------ INFORMATION GIVEN

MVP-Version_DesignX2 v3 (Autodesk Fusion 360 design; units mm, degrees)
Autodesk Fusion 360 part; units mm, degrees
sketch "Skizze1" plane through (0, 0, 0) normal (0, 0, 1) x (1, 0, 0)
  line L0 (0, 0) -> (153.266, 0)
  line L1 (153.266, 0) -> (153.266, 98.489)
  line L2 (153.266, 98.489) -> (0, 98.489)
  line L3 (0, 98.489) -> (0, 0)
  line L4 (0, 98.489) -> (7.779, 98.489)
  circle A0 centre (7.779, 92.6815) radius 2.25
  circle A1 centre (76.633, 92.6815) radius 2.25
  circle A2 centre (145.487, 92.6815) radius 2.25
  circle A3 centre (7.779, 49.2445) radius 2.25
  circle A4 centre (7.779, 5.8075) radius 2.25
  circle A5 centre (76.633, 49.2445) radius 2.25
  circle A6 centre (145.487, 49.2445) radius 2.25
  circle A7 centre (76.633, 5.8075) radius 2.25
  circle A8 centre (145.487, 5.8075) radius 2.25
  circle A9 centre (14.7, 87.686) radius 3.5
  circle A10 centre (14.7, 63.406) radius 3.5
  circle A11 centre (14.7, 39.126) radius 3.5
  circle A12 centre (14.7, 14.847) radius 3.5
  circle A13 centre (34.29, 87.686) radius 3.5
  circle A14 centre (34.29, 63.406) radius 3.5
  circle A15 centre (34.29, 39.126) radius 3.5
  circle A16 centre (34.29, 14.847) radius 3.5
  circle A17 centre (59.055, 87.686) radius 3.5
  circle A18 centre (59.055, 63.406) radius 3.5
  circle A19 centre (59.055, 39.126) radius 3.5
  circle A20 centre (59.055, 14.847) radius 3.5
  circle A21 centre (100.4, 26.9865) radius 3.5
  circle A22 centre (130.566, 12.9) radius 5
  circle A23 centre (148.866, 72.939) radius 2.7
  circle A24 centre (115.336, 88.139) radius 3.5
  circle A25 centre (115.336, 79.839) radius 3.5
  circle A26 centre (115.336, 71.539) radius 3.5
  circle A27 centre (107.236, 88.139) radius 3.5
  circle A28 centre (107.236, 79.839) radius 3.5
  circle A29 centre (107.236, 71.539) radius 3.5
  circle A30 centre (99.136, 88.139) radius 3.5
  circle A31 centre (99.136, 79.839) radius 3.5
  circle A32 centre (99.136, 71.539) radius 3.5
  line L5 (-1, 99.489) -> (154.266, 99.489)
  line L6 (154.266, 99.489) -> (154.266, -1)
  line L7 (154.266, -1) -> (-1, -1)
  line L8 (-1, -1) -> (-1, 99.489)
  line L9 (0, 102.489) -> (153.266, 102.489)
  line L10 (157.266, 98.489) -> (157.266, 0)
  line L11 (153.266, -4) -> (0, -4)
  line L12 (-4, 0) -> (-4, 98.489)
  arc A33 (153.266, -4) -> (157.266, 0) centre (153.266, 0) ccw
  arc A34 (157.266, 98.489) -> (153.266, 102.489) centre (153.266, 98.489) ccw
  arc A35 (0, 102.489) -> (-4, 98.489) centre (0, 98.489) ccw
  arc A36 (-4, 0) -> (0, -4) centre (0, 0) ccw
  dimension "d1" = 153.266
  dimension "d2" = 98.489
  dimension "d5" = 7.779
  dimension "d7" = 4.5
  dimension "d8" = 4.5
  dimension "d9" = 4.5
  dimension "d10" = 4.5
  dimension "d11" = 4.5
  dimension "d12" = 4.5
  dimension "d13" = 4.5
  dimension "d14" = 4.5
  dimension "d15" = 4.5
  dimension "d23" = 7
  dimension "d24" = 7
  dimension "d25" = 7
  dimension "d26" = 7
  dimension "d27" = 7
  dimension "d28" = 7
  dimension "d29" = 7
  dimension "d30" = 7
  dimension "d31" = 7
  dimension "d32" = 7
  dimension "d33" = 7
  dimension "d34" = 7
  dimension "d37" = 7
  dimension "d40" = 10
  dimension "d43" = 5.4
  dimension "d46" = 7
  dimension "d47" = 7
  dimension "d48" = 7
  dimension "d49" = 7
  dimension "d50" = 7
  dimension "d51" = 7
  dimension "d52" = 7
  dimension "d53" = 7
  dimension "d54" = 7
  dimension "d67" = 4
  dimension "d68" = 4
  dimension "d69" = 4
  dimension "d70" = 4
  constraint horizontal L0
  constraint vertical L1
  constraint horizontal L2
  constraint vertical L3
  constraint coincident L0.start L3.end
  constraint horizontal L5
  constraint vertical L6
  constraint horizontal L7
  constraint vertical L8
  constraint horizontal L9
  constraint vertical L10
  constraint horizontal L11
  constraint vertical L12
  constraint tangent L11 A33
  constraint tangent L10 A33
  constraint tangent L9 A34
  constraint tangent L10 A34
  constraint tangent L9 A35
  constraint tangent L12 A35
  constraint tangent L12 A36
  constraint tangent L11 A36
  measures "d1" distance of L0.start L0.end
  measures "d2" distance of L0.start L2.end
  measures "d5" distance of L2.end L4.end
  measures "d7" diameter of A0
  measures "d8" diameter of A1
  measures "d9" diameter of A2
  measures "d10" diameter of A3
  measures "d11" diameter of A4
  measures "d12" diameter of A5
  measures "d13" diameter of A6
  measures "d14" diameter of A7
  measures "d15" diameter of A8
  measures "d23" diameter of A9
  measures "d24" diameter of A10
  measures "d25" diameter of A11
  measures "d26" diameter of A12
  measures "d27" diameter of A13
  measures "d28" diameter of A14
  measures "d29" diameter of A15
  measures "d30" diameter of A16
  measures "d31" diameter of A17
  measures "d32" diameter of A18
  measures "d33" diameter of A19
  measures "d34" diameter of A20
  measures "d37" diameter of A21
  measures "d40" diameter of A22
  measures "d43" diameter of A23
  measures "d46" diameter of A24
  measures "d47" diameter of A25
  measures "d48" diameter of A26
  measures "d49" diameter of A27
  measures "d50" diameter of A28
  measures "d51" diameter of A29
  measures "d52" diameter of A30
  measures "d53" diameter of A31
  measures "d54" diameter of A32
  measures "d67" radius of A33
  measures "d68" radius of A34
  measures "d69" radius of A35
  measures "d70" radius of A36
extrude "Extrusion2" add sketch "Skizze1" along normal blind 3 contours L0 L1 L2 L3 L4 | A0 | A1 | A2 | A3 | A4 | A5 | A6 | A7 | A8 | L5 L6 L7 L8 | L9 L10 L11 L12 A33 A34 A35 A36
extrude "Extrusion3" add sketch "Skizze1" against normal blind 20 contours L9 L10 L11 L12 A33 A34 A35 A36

------------

**WORK TASK:** Starting with the line that contains "diameter of A7", return every line through the last one of the records, exactly as written.

**SOLUTION TO THIS PROBLEM:**
  measures "d14" diameter of A7
  measures "d15" diameter of A8
  measures "d23" diameter of A9
  measures "d24" diameter of A10
  measures "d25" diameter of A11
  measures "d26" diameter of A12
  measures "d27" diameter of A13
  measures "d28" diameter of A14
  measures "d29" diameter of A15
  measures "d30" diameter of A16
  measures "d31" diameter of A17
  measures "d32" diameter of A18
  measures "d33" diameter of A19
  measures "d34" diameter of A20
  measures "d37" diameter of A21
  measures "d40" diameter of A22
  measures "d43" diameter of A23
  measures "d46" diameter of A24
  measures "d47" diameter of A25
  measures "d48" diameter of A26
  measures "d49" diameter of A27
  measures "d50" diameter of A28
  measures "d51" diameter of A29
  measures "d52" diameter of A30
  measures "d53" diameter of A31
  measures "d54" diameter of A32
  measures "d67" radius of A33
  measures "d68" radius of A34
  measures "d69" radius of A35
  measures "d70" radius of A36
extrude "Extrusion2" add sketch "Skizze1" along normal blind 3 contours L0 L1 L2 L3 L4 | A0 | A1 | A2 | A3 | A4 | A5 | A6 | A7 | A8 | L5 L6 L7 L8 | L9 L10 L11 L12 A33 A34 A35 A36
extrude "Extrusion3" add sketch "Skizze1" against normal blind 20 contours L9 L10 L11 L12 A33 A34 A35 A36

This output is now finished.